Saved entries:
○ ○ ○ ○ ○
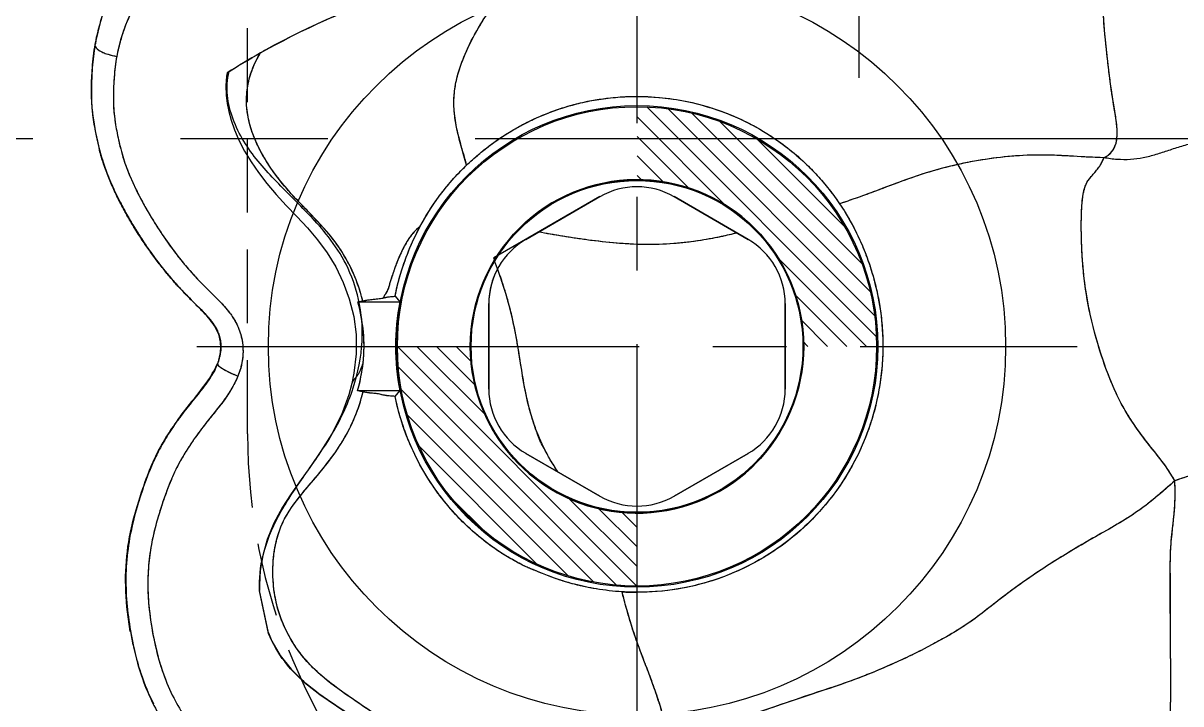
# Model space of a CAD drawing. Header units: millimetres. Extents: x 23075 to 24509, y -21593 to -20579.
# Drawn here: x 23700.08 to 23715.78, y -20914.55 to -20905.32 of the extents above; entities that cross this region are included whole.
import ezdxf

# ---------------------------------------------------------------- set-up
doc = ezdxf.new("R2010")
doc.units = ezdxf.units.MM
doc.header["$LTSCALE"] = 8
for name, pattern in [('CENTER', [2, 1.25, -0.25, 0.25, -0.25]), ('CENTER2', [1.125, 0.75, -0.125, 0.125, -0.125]), ('HIDDEN2', [0.1875, 0.125, -0.0625])]:
    doc.linetypes.add(name, pattern=pattern)
for name, color, linetype in [('Cav-cor', 30, 'Continuous'), ('CL', 1, 'Continuous'), ('PIN', 5, 'Continuous'), ('PRODUCT', 1, 'Continuous')]:
    doc.layers.add(name, color=color, linetype=linetype)

msp = doc.modelspace()

# ---------------------------------------------------------------- hatches: boundary and pattern name
at = {"layer": 'PIN', "linetype": 'Continuous'}
h = msp.add_hatch(dxfattribs=at)
h.set_pattern_fill('ANSI31', color=152, scale=1.5, angle=270, style=0)
h.set_pattern_definition([(315, (23943.11718, -20604.07058), (0.13258252, 0.13258252), [])])
h.paths.add_polyline_path([(23708.408, -20912.949), (23708.408, -20911.949, -0.414214), (23706.158, -20909.699), (23705.158, -20909.699, 0.414214)])
h.paths.add_polyline_path([(23710.658, -20909.699), (23711.658, -20909.699, 0.414214), (23708.408, -20906.449), (23708.408, -20907.449, -0.414214)])

# ---------------------------------------------------------------- linework, layer by layer
at = {"linetype": 'HIDDEN2'}
msp.add_lwpolyline([(23743.125, -20896.885), (23743.125, -20910.885, -0.414214), (23735.125, -20918.885), (23711.125, -20918.885, -0.414214), (23703.125, -20910.885), (23703.125, -20896.885, -0.414214), (23711.125, -20888.885), (23735.125, -20888.885, -0.414214)], format="xyb", close=True, dxfattribs=at)
at = {"layer": 'Cav-cor', "color": 241}
for p, q in [((23707.905, -20907.668), (23706.465, -20908.5)), ((23709.915, -20908.249), (23708.91, -20907.668)), ((23704.62, -20909.096), (23705.189, -20909.096)), ((23705.126, -20909.02), (23705.189, -20909.096)), ((23706.398, -20909.119), (23706.398, -20910.279)), ((23710.418, -20910.279), (23710.418, -20909.119)), ((23704.541, -20910.202), (23704.541, -20910.202)), ((23705.189, -20910.302), (23704.618, -20910.302)), ((23705.127, -20910.377), (23705.189, -20910.302)), ((23706.9, -20911.15), (23707.905, -20911.73)), ((23708.91, -20911.73), (23709.915, -20911.15)), ((23703.408, -20913.586), (23703.288, -20913.009))]:
    msp.add_line(p, q, dxfattribs=at)
for points in [[(23702.848, -20905.99), (23702.841, -20906.033), (23702.832, -20906.167), (23702.837, -20906.292), (23702.851, -20906.405), (23702.873, -20906.514), (23702.904, -20906.631), (23702.949, -20906.762), (23703.009, -20906.904), (23703.084, -20907.05), (23703.173, -20907.196), (23703.274, -20907.342), (23703.387, -20907.49), (23703.513, -20907.639), (23703.65, -20907.789), (23703.793, -20907.938), (23703.937, -20908.092), (23704.076, -20908.253), (23704.205, -20908.428), (23704.322, -20908.622), (23704.424, -20908.832), (23704.506, -20909.056), (23704.566, -20909.292), (23704.598, -20909.54), (23704.599, -20909.798), (23704.569, -20910.061), (23704.541, -20910.202)], [(23704.541, -20910.202), (23704.5, -20910.355), (23704.401, -20910.629), (23704.271, -20910.885), (23704.121, -20911.122), (23703.969, -20911.342), (23703.831, -20911.536), (23703.709, -20911.71), (23703.599, -20911.881), (23703.483, -20912.096), (23703.393, -20912.318), (23703.332, -20912.534), (23703.298, -20912.738), (23703.287, -20912.931), (23703.288, -20913.009)], [(23703.408, -20913.586), (23703.456, -20913.695), (23703.569, -20913.891), (23703.716, -20914.077), (23703.898, -20914.256), (23704.108, -20914.421), (23704.331, -20914.575), (23704.567, -20914.732), (23704.807, -20914.904), (23705.045, -20915.098), (23705.274, -20915.326), (23705.48, -20915.59), (23705.649, -20915.887), (23705.772, -20916.207), (23705.843, -20916.535), (23705.863, -20916.732)]]:
    msp.add_lwpolyline(points, dxfattribs=at)
msp.add_circle((23708.408, -20909.699), 3.266, dxfattribs=at)
for centre, radius, start, end in [((23708.283, -20914.525), 10.118, 119.5052, 122.4831), ((23705.243, -20905.959), 4.262, 192.9328, 194.583), ((23708.408, -20909.699), 2.261, 149.2162, 146.1309), ((23704.747, -20905.987), 3.783, 203.9736, 204.8393), ((23708.408, -20908.539), 1.005, 60, 120), ((23709.413, -20909.119), 1.005, 0, 60), ((23706.03, -20905.399), 5.19, 215.2232, 217.278), ((23706.072, -20905.367), 5.244, 217.2802, 218.198), ((23706.088, -20905.354), 5.264, 218.1959, 219.0458), ((23705.48, -20905.853), 4.477, 218.993, 221.5856), ((23707.403, -20909.119), 1.005, 151.891, 180), ((23708.408, -20909.699), 3.275, 169.3901, 190.6099), ((23702.153, -20909.707), 0.61, 349.8543, 351.559), ((23702.161, -20909.708), 0.602, 351.5587, 353.134), ((23701.809, -20909.565), 0.983, 334.111, 337.1673), ((23702.114, -20909.696), 0.65, 337.3727, 338.7137), ((23702.118, -20909.698), 0.647, 338.7122, 341.4716), ((23702.131, -20909.702), 0.632, 341.453, 348.7964), ((23702.147, -20909.705), 0.616, 348.8243, 349.8553), ((23707.403, -20910.279), 1.005, 180, 240), ((23709.413, -20910.279), 1.005, 300, 0), ((23706.452, -20913.789), 5.273, 141.9135, 144.6894), ((23706.218, -20913.625), 4.987, 144.6669, 145.2707), ((23705.485, -20912.853), 3.972, 157.8828, 159.6999), ((23704.918, -20912.625), 3.362, 157.4257, 157.8384), ((23706.898, -20913.373), 5.478, 160.2164, 161.9504), ((23706.404, -20913.197), 4.953, 159.6581, 160.2), ((23707.74, -20913.647), 6.363, 161.9488, 163.3748), ((23708.408, -20910.86), 1.005, 240, 300), ((23708.412, -20909.662), 3.372, 266.5137, 269.9308), ((23706.158, -20912.757), 4.689, 187.4955, 192.1636), ((23704.632, -20913.158), 3.111, 196.7511, 198.4746), ((23704.549, -20913.185), 3.024, 198.4969, 206.7771)]:
    msp.add_arc(centre, radius, start, end, dxfattribs=at)
for points, knots in [([(23714.742, -20907.14), (23714.782, -20907.12), (23714.856, -20907.066), (23714.915, -20906.939), (23714.926, -20906.791), (23714.909, -20906.626), (23714.877, -20906.443), (23714.845, -20906.242), (23714.816, -20906.026), (23714.777, -20905.701), (23714.732, -20905.25), (23714.709, -20904.77), (23714.707, -20904.358), (23714.716, -20904.034), (23714.73, -20903.705), (23714.738, -20903.253), (23714.707, -20902.793), (23714.676, -20902.324), (23714.657, -20901.961), (23714.637, -20901.595), (23714.604, -20901.112), (23714.547, -20900.529), (23714.442, -20899.871), (23714.334, -20899.363), (23714.246, -20898.99), (23714.169, -20898.662), (23714.112, -20898.424), (23714.073, -20898.273)], [0, 0, 0, 0, 0.014933, 0.029226, 0.045215, 0.063733, 0.084566, 0.107118, 0.131311, 0.157432, 0.216028, 0.282261, 0.317469, 0.353484, 0.390129, 0.427382, 0.504047, 0.543673, 0.584081, 0.624925, 0.665828, 0.745743, 0.820056, 0.887642, 0.91872, 0.947861, 1, 1, 1, 1]), ([(23706.906, -20904.238), (23706.349, -20904.437), (23705.107, -20904.868), (23703.948, -20905.356), (23703.325, -20905.705), (23703.3, -20905.719)], [0, 0, 0, 0, 0.423284, 0.976703, 1, 1, 1, 1]), ([(23702.354, -20904.301), (23702.29, -20904.344), (23702.163, -20904.432), (23701.984, -20904.579), (23701.824, -20904.745), (23701.689, -20904.929), (23701.568, -20905.121), (23701.472, -20905.327), (23701.401, -20905.543), (23701.366, -20905.691), (23701.351, -20905.766)], [0, 0, 0, 0, 0.127365, 0.253819, 0.379057, 0.503356, 0.62738, 0.751191, 0.87527, 1, 1, 1, 1]), ([(23706.096, -20907.242), (23706.071, -20907.156), (23706.021, -20906.986), (23705.958, -20906.732), (23705.926, -20906.52), (23705.923, -20906.355), (23705.935, -20906.197), (23705.974, -20906.008), (23706.071, -20905.732), (23706.222, -20905.427), (23706.426, -20905.107), (23706.6, -20904.868), (23706.739, -20904.695), (23706.874, -20904.539), (23706.976, -20904.426), (23707.041, -20904.35)], [0, 0, 0, 0, 0.082345, 0.163826, 0.242182, 0.279895, 0.316751, 0.388487, 0.457803, 0.586079, 0.702055, 0.808911, 0.859102, 0.907295, 1, 1, 1, 1]), ([(23701.162, -20905.194), (23701.151, -20905.226), (23701.111, -20905.355), (23701.08, -20905.488), (23701.061, -20905.589)], [0, 0, 0, 0, 0.249154, 1, 1, 1, 1]), ([(23701.061, -20905.589), (23701.054, -20905.622), (23701.032, -20905.757), (23701.021, -20905.894), (23701.015, -20905.997)], [0, 0, 0, 0, 0.248784, 1, 1, 1, 1]), ([(23701.055, -20905.611), (23701.054, -20905.615), (23701.058, -20905.636), (23701.073, -20905.653), (23701.086, -20905.664)], [0, 0, 0, 0, 0.203522, 1, 1, 1, 1]), ([(23701.086, -20905.664), (23701.1, -20905.677), (23701.135, -20905.699), (23701.174, -20905.717), (23701.195, -20905.725)], [0, 0, 0, 0, 0.446761, 1, 1, 1, 1]), ([(23701.195, -20905.725), (23701.207, -20905.729), (23701.258, -20905.747), (23701.311, -20905.759), (23701.351, -20905.766)], [0, 0, 0, 0, 0.239225, 1, 1, 1, 1]), ([(23701.351, -20905.766), (23701.333, -20905.862), (23701.318, -20906.01), (23701.307, -20906.206), (23701.304, -20906.355), (23701.31, -20906.504), (23701.328, -20906.653), (23701.354, -20906.801), (23701.396, -20906.998), (23701.465, -20907.241), (23701.585, -20907.521), (23701.726, -20907.793), (23701.883, -20908.055), (23702.054, -20908.311), (23702.24, -20908.556), (23702.444, -20908.788), (23702.628, -20908.968), (23702.773, -20909.114), (23702.876, -20909.229), (23702.963, -20909.357), (23703.048, -20909.544), (23703.082, -20909.804), (23703.034, -20910.007), (23702.995, -20910.101)], [0, 0, 0, 0, 0.060434, 0.090839, 0.121366, 0.152003, 0.182743, 0.213606, 0.24455, 0.306692, 0.369163, 0.431881, 0.494783, 0.557827, 0.62101, 0.684333, 0.747784, 0.779519, 0.811218, 0.842845, 0.874394, 0.93712, 1, 1, 1, 1]), ([(23704.688, -20909.082), (23704.649, -20908.928), (23704.568, -20908.702), (23704.415, -20908.423), (23704.23, -20908.16), (23704.005, -20907.928), (23703.779, -20907.697), (23703.617, -20907.515), (23703.465, -20907.321), (23703.331, -20907.112), (23703.219, -20906.888), (23703.139, -20906.65), (23703.103, -20906.404), (23703.122, -20906.16), (23703.188, -20905.928), (23703.258, -20905.785), (23703.3, -20905.719)], [0, 0, 0, 0, 0.122409, 0.183834, 0.245436, 0.370028, 0.432776, 0.495449, 0.558358, 0.622173, 0.687118, 0.751741, 0.815149, 0.877667, 0.939483, 1, 1, 1, 1]), ([(23701.015, -20905.997), (23701.006, -20906.149), (23701, -20906.458), (23701.054, -20906.762), (23701.089, -20906.912)], [0, 0, 0, 0, 0.497451, 1, 1, 1, 1]), ([(23706.096, -20907.242), (23706.224, -20907.119), (23706.503, -20906.89), (23707.002, -20906.6), (23707.639, -20906.369), (23708.133, -20906.308), (23708.408, -20906.309)], [0, 0, 0, 0, 0.207837, 0.422313, 0.676895, 1, 1, 1, 1]), ([(23708.408, -20906.309), (23708.612, -20906.309), (23709.006, -20906.345), (23709.676, -20906.529), (23710.298, -20906.859), (23710.814, -20907.315), (23711.055, -20907.616), (23711.156, -20907.765)], [0, 0, 0, 0, 0.189181, 0.364574, 0.64297, 0.83314, 1, 1, 1, 1]), ([(23721.366, -20907.243), (23721.218, -20907.247), (23720.923, -20907.249), (23720.483, -20907.23), (23720.049, -20907.19), (23719.621, -20907.135), (23719.197, -20907.075), (23718.772, -20907.003), (23718.342, -20906.931), (23717.903, -20906.874), (23717.458, -20906.835), (23717.017, -20906.815), (23716.586, -20906.826), (23716.24, -20906.873), (23715.979, -20906.933), (23715.794, -20906.985), (23715.618, -20907.042), (23715.447, -20907.099), (23715.276, -20907.145), (23715.1, -20907.169), (23714.921, -20907.168), (23714.801, -20907.152), (23714.742, -20907.14)], [0, 0, 0, 0, 0.066266, 0.132332, 0.197435, 0.261686, 0.325537, 0.389555, 0.454626, 0.521063, 0.588, 0.654456, 0.719113, 0.780871, 0.81047, 0.839148, 0.866823, 0.893564, 0.919775, 0.946121, 0.972911, 1, 1, 1, 1]), ([(23714.742, -20907.14), (23714.58, -20907.137), (23714.337, -20907.12), (23714.011, -20907.104), (23713.684, -20907.103), (23713.36, -20907.129), (23713.043, -20907.175), (23712.738, -20907.234), (23712.37, -20907.328), (23711.95, -20907.476), (23711.549, -20907.63), (23711.285, -20907.722), (23711.156, -20907.765)], [0, 0, 0, 0, 0.132044, 0.198649, 0.265366, 0.397944, 0.462944, 0.526611, 0.650738, 0.771926, 0.889241, 1, 1, 1, 1]), ([(23705.464, -20908.077), (23705.539, -20907.937), (23705.725, -20907.639), (23705.958, -20907.374), (23706.096, -20907.242)], [0, 0, 0, 0, 0.453302, 1, 1, 1, 1]), ([(23715.702, -20911.522), (23715.627, -20911.382), (23715.479, -20911.192), (23715.28, -20910.942), (23715.14, -20910.748), (23715.012, -20910.545), (23714.866, -20910.261), (23714.724, -20909.888), (23714.589, -20909.438), (23714.499, -20908.999), (23714.45, -20908.59), (23714.434, -20908.221), (23714.433, -20907.907), (23714.449, -20907.685), (23714.478, -20907.55), (23714.504, -20907.482), (23714.536, -20907.434), (23714.568, -20907.398), (23714.595, -20907.366), (23714.627, -20907.328), (23714.665, -20907.282), (23714.708, -20907.218), (23714.73, -20907.168), (23714.742, -20907.14)], [0, 0, 0, 0, 0.099803, 0.15019, 0.200424, 0.250485, 0.300529, 0.400989, 0.500639, 0.595402, 0.68201, 0.759336, 0.826968, 0.879285, 0.8986, 0.913445, 0.925021, 0.934741, 0.943444, 0.951403, 0.965844, 0.980925, 1, 1, 1, 1]), ([(23701.313, -20907.576), (23701.379, -20907.719), (23701.528, -20907.998), (23701.699, -20908.264), (23701.79, -20908.393)], [0, 0, 0, 0, 0.499111, 1, 1, 1, 1]), ([(23711.156, -20907.765), (23711.238, -20907.887), (23711.395, -20908.156), (23711.616, -20908.696), (23711.782, -20909.487), (23711.707, -20910.502), (23711.27, -20911.534), (23710.513, -20912.371), (23709.519, -20912.913), (23708.775, -20913.035), (23708.408, -20913.034)], [0, 0, 0, 0, 0.060625, 0.128174, 0.24037, 0.391344, 0.540962, 0.694967, 0.848576, 1, 1, 1, 1]), ([(23705.464, -20908.077), (23705.407, -20908.117), (23705.308, -20908.23), (23705.206, -20908.424), (23705.128, -20908.616), (23705.081, -20908.759), (23705.054, -20908.849), (23705.036, -20908.907), (23705.016, -20908.959), (23704.986, -20909.004), (23704.97, -20909.031), (23704.962, -20909.043)], [0, 0, 0, 0, 0.190123, 0.396824, 0.596454, 0.752806, 0.808529, 0.852331, 0.915609, 0.961073, 1, 1, 1, 1]), ([(23705.126, -20909.02), (23705.144, -20908.929), (23705.223, -20908.603), (23705.35, -20908.29), (23705.464, -20908.077)], [0, 0, 0, 0, 0.277205, 1, 1, 1, 1]), ([(23709.763, -20908.161), (23709.676, -20908.182), (23709.49, -20908.225), (23709.072, -20908.298), (23708.611, -20908.329), (23708.126, -20908.301), (23707.758, -20908.26), (23707.408, -20908.207), (23707.182, -20908.168), (23707.073, -20908.149)], [0, 0, 0, 0, 0.099418, 0.210714, 0.468382, 0.608182, 0.746892, 0.877746, 1, 1, 1, 1]), ([(23707.335, -20911.4), (23707.263, -20911.294), (23707.136, -20911.077), (23706.949, -20910.62), (23706.86, -20910.138), (23706.796, -20909.716), (23706.753, -20909.475), (23706.703, -20909.245), (23706.628, -20908.968), (23706.555, -20908.752), (23706.517, -20908.645)], [0, 0, 0, 0, 0.133371, 0.259532, 0.509739, 0.639172, 0.702365, 0.763702, 0.882565, 1, 1, 1, 1]), ([(23702.131, -20908.825), (23702.197, -20908.899), (23702.335, -20909.043), (23702.478, -20909.181), (23702.546, -20909.255)], [0, 0, 0, 0, 0.499778, 1, 1, 1, 1]), ([(23704.62, -20909.096), (23704.633, -20909.093), (23704.652, -20909.091), (23704.674, -20909.086), (23704.684, -20909.082), (23704.688, -20909.082)], [0, 0, 0, 0, 0.582566, 0.803907, 1, 1, 1, 1]), ([(23704.693, -20909.922), (23704.708, -20909.784), (23704.711, -20909.504), (23704.658, -20909.229), (23704.62, -20909.096)], [0, 0, 0, 0, 0.499982, 1, 1, 1, 1]), ([(23704.688, -20909.082), (23704.707, -20909.078), (23704.749, -20909.071), (23704.818, -20909.062), (23704.89, -20909.053), (23704.939, -20909.048), (23704.962, -20909.043)], [0, 0, 0, 0, 0.208687, 0.464884, 0.750826, 1, 1, 1, 1]), ([(23704.962, -20909.043), (23704.979, -20909.039), (23705.007, -20909.033), (23705.062, -20909.022), (23705.099, -20909.021), (23705.126, -20909.02)], [0, 0, 0, 0, 0.329143, 0.517865, 1, 1, 1, 1]), ([(23702.546, -20909.255), (23702.571, -20909.282), (23702.621, -20909.339), (23702.687, -20909.431), (23702.737, -20909.534), (23702.754, -20909.607), (23702.759, -20909.645)], [0, 0, 0, 0, 0.250541, 0.500966, 0.750558, 1, 1, 1, 1]), ([(23702.716, -20909.933), (23702.714, -20909.938), (23702.724, -20909.955), (23702.735, -20909.964), (23702.744, -20909.971)], [0, 0, 0, 0, 0.337467, 1, 1, 1, 1]), ([(23704.693, -20909.922), (23704.684, -20909.945), (23704.666, -20909.992), (23704.643, -20910.052), (23704.613, -20910.098), (23704.584, -20910.132), (23704.557, -20910.164), (23704.544, -20910.189), (23704.541, -20910.202)], [0, 0, 0, 0, 0.232961, 0.470568, 0.600218, 0.742078, 0.880586, 1, 1, 1, 1]), ([(23702.995, -20910.101), (23702.955, -20910.198), (23702.85, -20910.381), (23702.685, -20910.586), (23702.553, -20910.75), (23702.458, -20910.876), (23702.367, -20911.005), (23702.28, -20911.137), (23702.201, -20911.273), (23702.107, -20911.461), (23702.01, -20911.706), (23701.911, -20912.005), (23701.831, -20912.31), (23701.782, -20912.623), (23701.763, -20913.044), (23701.81, -20913.464), (23701.899, -20913.876), (23701.991, -20914.179), (23702.119, -20914.47), (23702.226, -20914.652), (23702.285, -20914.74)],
○ ○ ○ ○ ○
• [Problem statement]: Return each line of the data above that includes the word "Continuous".

• [Completed task]:
for name, color, linetype in [('Cav-cor', 30, 'Continuous'), ('CL', 1, 'Continuous'), ('PIN', 5, 'Continuous'), ('PRODUCT', 1, 'Continuous')]:
at = {"layer": 'PIN', "linetype": 'Continuous'}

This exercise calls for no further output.